Method Type LVBench Computation Limitations
VideoAgent Agent 29.3% Exhaustive + GPT Low accuracy
VideoTree Agent 28.8% Tree-based exhaustive Linear complexity
MemVid Agent 44.4% Memory-augmented Weak on some sub-tasks
Ego-R1 Agent+RL ~64.9% (VME) Caption every 30s High computation cost
AdaReTake-72B MLLM 53.3% Adaptive sampling 72B large model
LongVideo-R1 Agent+RL 50.0% ~10 navigation rounds Weak on global questions

Rating

  • Novelty: ⭐⭐⭐⭐ — The problem formulation of "low-cost long video understanding" and the hierarchical active navigation framework represent clear contributions.

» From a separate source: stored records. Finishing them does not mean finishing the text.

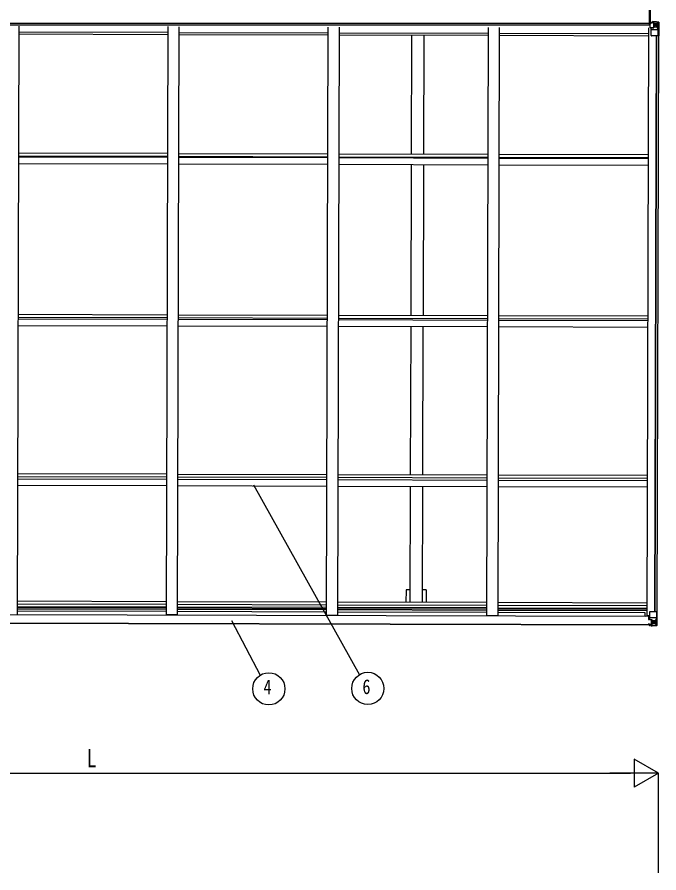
# Model space of a CAD drawing. Units: millimetres, scale not verified. Extents: x -10512 to 10512, y -7425 to 7425.
# Drawn here: x 506 to 3375, y -189 to 3637 of the extents above; entities that cross this region are included whole.
import ezdxf
from ezdxf.enums import TextEntityAlignment as Align

# ---------------------------------------------------------------- set-up
doc = ezdxf.new("R2010")
doc.units = ezdxf.units.MM
doc.header["$LTSCALE"] = 30
for name, color, linetype in [('0-4_YKK_13', 4, 'Continuous'), ('0-5_YKK_A1', 4, 'Continuous'), ('0-6_YKK_D', 6, 'Continuous')]:
    doc.layers.add(name, color=color, linetype=linetype)
doc.styles.add('ＭＳ ゴシック', font='')
doc.styles.get('ＭＳ ゴシック').set_extended_font_data('MS Gothic')

msp = doc.modelspace()

# ---------------------------------------------------------------- linework, layer by layer
at = {"layer": '0-4_YKK_13'}
for p, q in [((3336.04, 3590.59), (3336.1, 3610.75)), ((3337.1, 3611.46), (3346.1, 3611.49)), ((3346.11, 3616.81), (3346.1, 3610.86)), ((3352.54, 3589.6), (3352.61, 3616.39)), ((3364.59, 3607.11), (3352.59, 3607.15)), ((3352.61, 3616.28), (3364.61, 3615.46)), ((3360.05, 3599.93), (3360.05, 3598.97)), ((3366.92, 3607.05), (3364.59, 3607.12)), ((3364.7, 3615.45), (3372.62, 3614.96)), ((3366.88, 3593.58), (3366.92, 3607.05)), ((3367.78, 3610.56), (3370.53, 3614.22)), ((3371.6, 3553.34), (3371.76, 3613.92)), ((3371.76, 3613.99), (3371.76, 3613.92)), ((3373.67, 3615), (3373.67, 3615.04)), ((3374.61, 3614.04), (3374.44, 3553.33)), ((3346.04, 3589.62), (3337.04, 3589.68)), ((3340.44, 3554.42), (3340.53, 3587.52)), ((3364.51, 3580.03), (3340.51, 3580.09)), ((3349.02, 3589.61), (3341.36, 3588.41)), ((3341.36, 3587.78), (3351.71, 3589.4)), ((3341.36, 3588.41), (3341.36, 3587.78)), ((3352.54, 3589.6), (3346.04, 3589.62)), ((3351.71, 3589.4), (3351.71, 3589.61)), ((3352.55, 3593.59), (3364.55, 3593.56)), ((3371.12, 3580.22), (3364.51, 3580.03)), ((3364.55, 3593.56), (3366.88, 3593.58)), ((3364.55, 3593.56), (3364.55, 3593.56)), ((3371.12, 3580.22), (3367.02, 3592.32)), ((3374.44, 3553.33), (3341.44, 3553.42)), ((3312.82, 959.31), (3333.32, 959.26)), ((3328.82, 959.27), (3328.77, 943.48)), ((3333.37, 977.34), (3333.28, 944.24)), ((3364.53, 978.25), (3334.37, 978.33)), ((3364.53, 978.25), (3364.36, 917.67)), ((3327.21, 920.65), (3327.22, 922.22)), ((3327.21, 920.65), (3327.21, 919.65)), ((3328.21, 920.65), (3327.21, 920.65)), ((3327.22, 922.34), (3327.22, 922.22)), ((3328.21, 919.64), (3328.21, 920.65)), ((3333.21, 920.64), (3328.21, 920.65)), ((3328.77, 943.48), (3329.77, 943.47)), ((3329.78, 945.2), (3328.78, 945.2)), ((3328.81, 955.35), (3333.31, 955.34)), ((3333.82, 943.42), (3329.77, 943.47)), ((3333.22, 922.25), (3333.21, 920.64)), ((3333.22, 922.25), (3343.22, 922.31)), ((3357.3, 951.6), (3333.3, 951.67)), ((3334.1, 943.98), (3344.44, 942.3)), ((3334.1, 943.34), (3334.1, 943.98)), ((3344.44, 941.66), (3334.1, 943.34)), ((3335.21, 920.4), (3343.21, 920.38)), ((3335.21, 920.37), (3343.21, 920.35)), ((3339.77, 942.42), (3339.72, 922.69)), ((3339.72, 922.69), (3339.72, 922.45)), ((3343.61, 922.68), (3339.72, 922.69)), ((3339.73, 926.32), (3343.73, 926.31)), ((3339.75, 934.52), (3343.75, 934.51)), ((3343.22, 922.31), (3343.21, 921.38)), ((3343.21, 921.38), (3343.71, 921.38)), ((3343.21, 921.38), (3343.21, 920.38)), ((3343.21, 920.38), (3343.21, 920.35)), ((3343.22, 922.47), (3343.22, 922.31)), ((3343.22, 922.31), (3343.22, 922.31)), ((3343.71, 921.02), (3345.21, 921.01)), ((3343.72, 924.55), (3345.22, 924.55)), ((3343.76, 938.11), (3345.26, 938.1)), ((3344.44, 942.3), (3344.44, 941.66)), ((3346.22, 924.54), (3345.22, 924.55)), ((3357.22, 924.51), (3345.22, 924.55)), ((3357.26, 938.07), (3345.26, 938.1)), ((3351.76, 931.73), (3351.76, 932.69)), ((3359.55, 924.56), (3357.22, 924.51)), ((3357.26, 938.07), (3357.26, 938.07)), ((3357.26, 938.07), (3359.59, 938.03)), ((3363.91, 951.37), (3357.3, 951.6)), ((3359.59, 938.03), (3359.55, 924.56)), ((3363.91, 951.37), (3359.73, 939.3)), ((3360.4, 921.05), (3363.12, 917.38)), ((3333.4, 917.14), (3331.71, 917.57)), ((3333.4, 917.14), (3333.7, 917.14)), ((3333.7, 917.14), (3333.7, 917.57)), ((3338.7, 916.73), (3338.7, 917.55)), ((3338.7, 916.73), (3343.7, 916.81)), ((3338.7, 916.32), (3338.7, 916.73)), ((3338.7, 916.32), (3338.7, 915.81)), ((3345.2, 916.19), (3338.7, 915.81)), ((3338.7, 915.81), (3338.7, 914.92)), ((3338.7, 914.92), (3345.2, 915.3)), ((3345.2, 915.42), (3357.2, 916.17)), ((3357.29, 916.17), (3365.21, 916.63)), ((3364.36, 917.6), (3364.36, 917.67)), ((3366.26, 916.58), (3366.26, 916.54)), ((3366.26, 916.53), (3366.26, 916.53)), ((3367.2, 917.53), (3367.2, 917.57))]:
    msp.add_line(p, q, dxfattribs=at)
for points in [[(3334.15, 3605.32), (3333.15, 3605.32), (3333.15, 3668.32), (3334.15, 3668.32)], [(3336.1, 3610.75), (3336.11, 3610.85), (3346.1, 3610.86)], [(3373.67, 3615.04), (3364.61, 3615.62), (3346.11, 3616.81)], [(3358.13, 3600.89), (3357.17, 3600.9), (3357.17, 3601.86), (3358.13, 3601.85)], [(3360.05, 3598.97), (3359.09, 3598.97), (3359.09, 3599.93)], [(3359.1, 3602.81), (3359.1, 3603.77), (3360.06, 3603.77), (3360.06, 3602.81)], [(3361.01, 3601.85), (3361.97, 3601.84), (3361.97, 3600.88), (3361.01, 3600.89)], [(3367.2, 917.57), (3367.37, 978.24), (3364.53, 978.25)], [(3333.22, 922.25), (3333.22, 922.26), (3327.22, 922.22)], [(3328.22, 922.38), (3343.22, 922.47), (3343.22, 922.47)], [(3329.77, 943.47), (3329.78, 945.2), (3333.28, 945.21)], [(3343.21, 921.38), (3335.21, 921.4), (3335.21, 919.63)], [(3338.7, 916.32), (3343.7, 916.31), (3343.77, 941.77)], [(3366.26, 916.53), (3357.2, 916.01), (3345.2, 915.3), (3345.27, 941.4)], [(3350.8, 929.81), (3349.84, 929.81), (3349.84, 930.77), (3350.8, 930.77)], [(3352.71, 928.84), (3352.71, 927.88), (3351.75, 927.89), (3351.75, 928.85)], [(3351.76, 932.69), (3352.72, 932.68), (3352.72, 931.72)], [(3353.68, 930.76), (3354.64, 930.76), (3354.64, 929.8), (3353.68, 929.8)]]:
    msp.add_lwpolyline(points, dxfattribs=at)
msp.add_lwpolyline([(3334.15, 3605.32), (3334.15, 3668.32), (3335.65, 3668.32), (3335.65, 3605.32)], close=True, dxfattribs=at)
for centre in [(3359.57, 3601.37), (3352.24, 930.29)]:
    msp.add_circle(centre, 5.3, dxfattribs=at)
for centre, radius, start, end in [((3358.13, 3599.93), 0.96, 359.84268, 89.84268), ((3358.14, 3602.81), 0.96, 269.84268, 359.84268), ((3361.01, 3599.93), 0.96, 89.84268, 179.84268), ((3361.02, 3602.81), 0.96, 179.84268, 269.84268), ((3370.48, 3614.05), 1.28, 357.38373, 48.66437), ((3372.49, 3627.65), 12.7, 264.73957, 270.59803), ((3373.61, 3614.05), 1, 359.8419, 86.34252), ((3373.61, 3614.04), 0.999, 359.89186, 86.40029), ((3373.61, 3614), 0.999, 359.89186, 86.40029), ((3341.47, 3587.48), 0.937, 96.57502, 177.5206), ((3341.47, 3586.85), 0.937, 96.57502, 177.5206), ((3351.61, 3590.33), 0.937, 276.57502, 308.90871), ((3341.44, 3554.42), 1, 179.84268, 269.84268), ((3334.37, 977.33), 1, 89.84268, 179.84268), ((3328.06, 914.69), 7.69, 88.81267, 96.27694), ((3334.21, 944.91), 0.937, 182.16477, 263.11035), ((3334.21, 944.27), 0.937, 182.16477, 263.11035), ((3343.21, 919.88), 0.5, 359.84377, 89.84377), ((3343.21, 919.85), 0.5, 359.8407, 89.8396), ((3343.22, 922.81), 0.5, 270.37164, 359.88733), ((3343.21, 922.98), 0.513, 271.72296, 0.88976), ((3344.33, 941.37), 0.937, 2.16477, 83.11035), ((3344.33, 940.73), 0.937, 2.16477, 83.11035), ((3350.79, 928.85), 0.96, 359.84268, 89.84268), ((3350.8, 931.73), 0.96, 269.84268, 359.84268), ((3353.67, 928.84), 0.96, 89.84268, 179.84268), ((3353.68, 931.72), 0.96, 179.84268, 269.84268), ((3363.08, 917.55), 1.28, 311.021, 2.30164), ((3365.01, 903.93), 12.7, 89.08734, 94.94579), ((3366.2, 917.58), 0.999, 273.28508, 359.79351), ((3366.2, 917.54), 0.999, 273.28508, 359.79351), ((3366.2, 917.53), 1, 273.34285, 359.84347)]:
    msp.add_arc(centre, radius, start, end, dxfattribs=at)
for centre, major_axis, ratio, start_param, end_param in [((3337.1, 3610.75), (-1, -0.01), 0.707053, 4.7036637, 6.124411), ((3446.34, 3606.89), (-81.75, 0.22), 0.061163, 6.2824128, 6.2831853), ((3369.79, 3606.96), (-0.02, 5), 0.573921, 0.7672717, 1.551125), ((3371.47, 3612.03), (0.03, 3), 0.466854, 0.125683, 0.7596956), ((3371.67, 3615.13), (-2, 0.13), 0.060933, 2.0712557, 3.1453404), ((3172.7, 3627.91), (-200.96, 12.91), 0.060933, 3.1453404, 3.145839), ((3337.04, 3590.59), (-1, 0.023), 0.906239, 0.0187047, 1.589501), ((3368.29, 3593.6), (0, 3), 0.468246, 1.5772882, 2.0127935), ((3370.41, 3582.57), (-0.85, 2.32), 0.403757, 3.0087805, 3.9744392), ((3438.97, 924.29), (-81.75, 0.22), 0.061163, 0, 0.0007725), ((3362.43, 924.64), (-0.04, -5), 0.573921, 4.7320603, 5.5159136), ((3361, 938.01), (-0.01, -3), 0.468246, 4.2703918, 4.7058971), ((3363.18, 949.03), (-0.86, -2.32), 0.403757, 2.3087461, 3.2744049), ((3364.08, 919.56), (0.02, -3), 0.466854, 5.5234897, 6.1575023), ((3364.26, 916.46), (-2, -0.12), 0.060933, 3.1378449, 4.2119296), ((3165.23, 904.78), (-201.03, -11.81), 0.060933, 3.1373463, 3.1378449)]:
    msp.add_ellipse(centre, major_axis=major_axis, ratio=ratio, start_param=start_param, end_param=end_param, dxfattribs=at)
at = {"layer": '0-5_YKK_A1'}
for p, q in [((3333.15, 3608.38), (-1639.85, 3608.65)), ((3333.15, 3601.69), (-1639.85, 3601.69)), ((3333.15, 3601.69), (3333.15, 3605.32)), ((3335.61, 3615.23), (3346.11, 3615.2)), ((513.55, 3596.24), (506.33, 967.62)), ((1178.89, 3567.6), (512.89, 3569.43)), ((1179.13, 3558.47), (513.14, 3560.3)), ((1179.54, 3594.41), (1172.33, 965.8)), ((1229.54, 3594.27), (1222.33, 965.66)), ((1894.88, 3565.63), (1228.89, 3567.46)), ((1895.54, 3592.45), (1888.32, 963.83)), ((1945.54, 3592.31), (1938.32, 963.69)), ((2610.88, 3563.67), (1944.88, 3565.5)), ((2611.54, 3590.48), (2604.32, 961.86)), ((2661.54, 3590.34), (2654.32, 961.73)), ((3326.88, 3561.7), (2660.88, 3563.53)), ((3327.54, 3588.51), (3320.32, 959.9)), ((1895.13, 3556.5), (1229.13, 3558.33)), ((2611.13, 3554.54), (1945.13, 3556.37)), ((2268.94, 3555.48), (2267.48, 3023.56)), ((2323.94, 3555.33), (2322.48, 3023.41)), ((3327.13, 3552.57), (2661.13, 3554.4)), ((3362.74, 3553.36), (3355.67, 978.28)), ((3363.44, 3553.36), (3356.37, 978.27)), ((3372.44, 3553.34), (3365.37, 978.25)), ((1177.98, 3026.55), (511.99, 3028.38)), ((1893.98, 3024.59), (1227.98, 3026.42)), ((2609.98, 3022.62), (1943.98, 3024.45)), ((1177.94, 3009.24), (511.94, 3011.07)), ((1177.95, 3013.54), (511.95, 3015.37)), ((1893.93, 3007.28), (1227.94, 3009.11)), ((1893.95, 3011.57), (1227.95, 3013.4)), ((2609.93, 3005.31), (1943.93, 3007.14)), ((2609.94, 3009.61), (1943.95, 3011.44)), ((3325.93, 3003.35), (2659.93, 3005.17)), ((3325.94, 3007.64), (2659.94, 3009.47)), ((3325.98, 3020.66), (2659.98, 3022.49)), ((1177.86, 2979.48), (511.86, 2981.31)), ((1893.85, 2977.52), (1227.86, 2979.35)), ((2609.85, 2975.55), (1943.85, 2977.38)), ((2267.35, 2976.49), (2265.5, 2302.13)), ((2322.35, 2976.34), (2320.5, 2301.98)), ((3325.85, 2973.59), (2659.85, 2975.41)), ((1176, 2305.12), (510.01, 2306.95)), ((1892, 2303.16), (1226, 2304.98)), ((2608, 2301.19), (1942, 2303.02)), ((3324, 2299.22), (2658, 2301.05)), ((1175.95, 2285.02), (509.95, 2286.85)), ((1175.97, 2292.17), (509.97, 2293.99)), ((1891.95, 2283.05), (1225.95, 2284.88)), ((1891.97, 2290.2), (1225.97, 2292.03)), ((2607.94, 2281.09), (1941.95, 2282.91)), ((2607.96, 2288.23), (1941.97, 2290.06)), ((3323.94, 2279.12), (2657.94, 2280.95)), ((3323.96, 2286.27), (2657.96, 2288.1)), ((1175.87, 2255.58), (509.87, 2257.4)), ((1891.87, 2253.61), (1225.87, 2255.44)), ((2607.86, 2251.64), (1941.87, 2253.47)), ((2265.36, 2252.58), (2263.54, 1589.76)), ((2320.36, 2252.43), (2318.54, 1589.61)), ((3323.86, 2249.68), (2657.86, 2251.51)), ((1173.99, 1569.76), (507.99, 1571.59)), ((1174.01, 1579.92), (508.02, 1581.75)), ((1174.05, 1592.76), (508.05, 1594.58)), ((1889.98, 1567.8), (1223.98, 1569.63)), ((1890.01, 1577.95), (1224.01, 1579.78)), ((1890.05, 1590.79), (1224.05, 1592.62)), ((2606.01, 1575.99), (1940.01, 1577.82)), ((2606.04, 1588.82), (1940.05, 1590.65)), ((3322, 1574.02), (2656.01, 1575.85)), ((3322.04, 1586.86), (2656.04, 1588.69)), ((1173.91, 1540.8), (507.91, 1542.63)), ((1889.9, 1538.83), (1223.91, 1540.66)), ((2605.9, 1536.87), (1939.9, 1538.7)), ((2605.98, 1565.83), (1939.98, 1567.66)), ((2263.4, 1537.81), (2261.98, 1020.24)), ((2318.4, 1537.66), (2316.98, 1020.09)), ((3321.9, 1534.9), (2655.9, 1536.73)), ((3321.98, 1563.87), (2655.98, 1565.69)), ((2334.83, 1076.31), (2317.13, 1076.36)), ((2334.83, 1076.31), (2334.68, 1020.04)), ((506.41, 997.1), (1172.41, 995.28)), ((1172.42, 999.06), (506.42, 1000.89)), ((1172.45, 1010.41), (506.45, 1012.24)), ((1172.48, 1023.23), (506.49, 1025.06)), ((1222.41, 995.14), (1888.41, 993.31)), ((1888.42, 997.1), (1222.42, 998.93)), ((1888.45, 1008.44), (1222.45, 1010.27)), ((1888.48, 1021.27), (1222.48, 1023.09)), ((2604.41, 995.13), (1938.42, 996.96)), ((2604.44, 1006.48), (1938.45, 1008.3)), ((2604.48, 1019.3), (1938.48, 1021.13)), ((3320.41, 993.16), (2654.41, 994.99)), ((3320.44, 1004.51), (2654.44, 1006.34)), ((3320.48, 1017.33), (2654.48, 1019.16)), ((-1634.17, 971.47), (3312.81, 957.89)), ((1172.36, 978.84), (506.37, 980.67)), ((1172.39, 988.21), (506.39, 990.03)), ((1172.33, 965.8), (1222.33, 965.66)), ((1888.36, 976.87), (1222.36, 978.7)), ((1888.39, 986.24), (1222.39, 988.07)), ((1888.32, 963.83), (1938.32, 963.69)), ((2604.36, 974.91), (1938.36, 976.74)), ((2604.38, 984.27), (1938.39, 986.1)), ((1938.4, 993.17), (2604.4, 991.34)), ((2604.32, 961.86), (2654.32, 961.73)), ((3312.85, 972.96), (2654.36, 974.77)), ((3320.38, 982.31), (2654.38, 984.14)), ((2654.4, 991.21), (3320.4, 989.38)), ((3312.81, 957.89), (3312.85, 972.96)), ((3333.32, 959.86), (3320.32, 959.9)), ((3343.7, 917.54), (-1665.28, 931.29)), ((3343.71, 919.6), (-1665.27, 933.36))]:
    msp.add_line(p, q, dxfattribs=at)
msp.add_lwpolyline([(2262.13, 1076.51), (2244.43, 1076.56), (2244.28, 1020.29)], dxfattribs=at)
at = {"layer": '0-6_YKK_D'}
for p, q in [((1563.27, 1546.43), (2036.13, 696.88)), ((1465.11, 939.49), (1592.28, 694.09)), ((3372.65, 256.21), (3264.4, 318.71)), ((3264.4, 318.71), (3264.4, 193.71)), ((-1554.35, 256.21), (3247.65, 256.21)), ((3372.65, 256.21), (3156.14, 256.21)), ((3372.65, 256.21), (3264.4, 193.71)), ((3372.65, -189.34), (3372.65, 257.21))]:
    msp.add_line(p, q, dxfattribs=at)
for centre in [(1631.35, 633.61), (2073.68, 635.44)]:
    msp.add_circle(centre, 72, dxfattribs=at)

# ---------------------------------------------------------------- texts
at = {"layer": '0-6_YKK_D', "style": 'ＭＳ ゴシック', "width": 0.8}
for s, height, p in [('4', 65.98, (1607.35, 588.61)), ('6', 65.98, (2049.68, 590.44)), ('L', 82.48, (816.65, 257.21))]:
    msp.add_text(s, height=height, dxfattribs=at).set_placement(p, align=Align.BOTTOM_LEFT)

doc.saveas('drawing.dxf')

  • Experimental Thoroughness: ⭐⭐⭐⭐ — Three mainstream benchmarks, ultra-long video case studies, and multi-dimensional ablations (data scale / reward components / tool size / maximum rounds).
  • Writing Quality: ⭐⭐⭐⭐ — Motivation is clearly articulated, method description is complete, and algorithm pseudocode is well-formatted.
  • Value: ⭐⭐⭐⭐⭐ — Addresses the core efficiency bottleneck of long-video agents; fully open-source and reproducible, with direct implications for real-world deployment.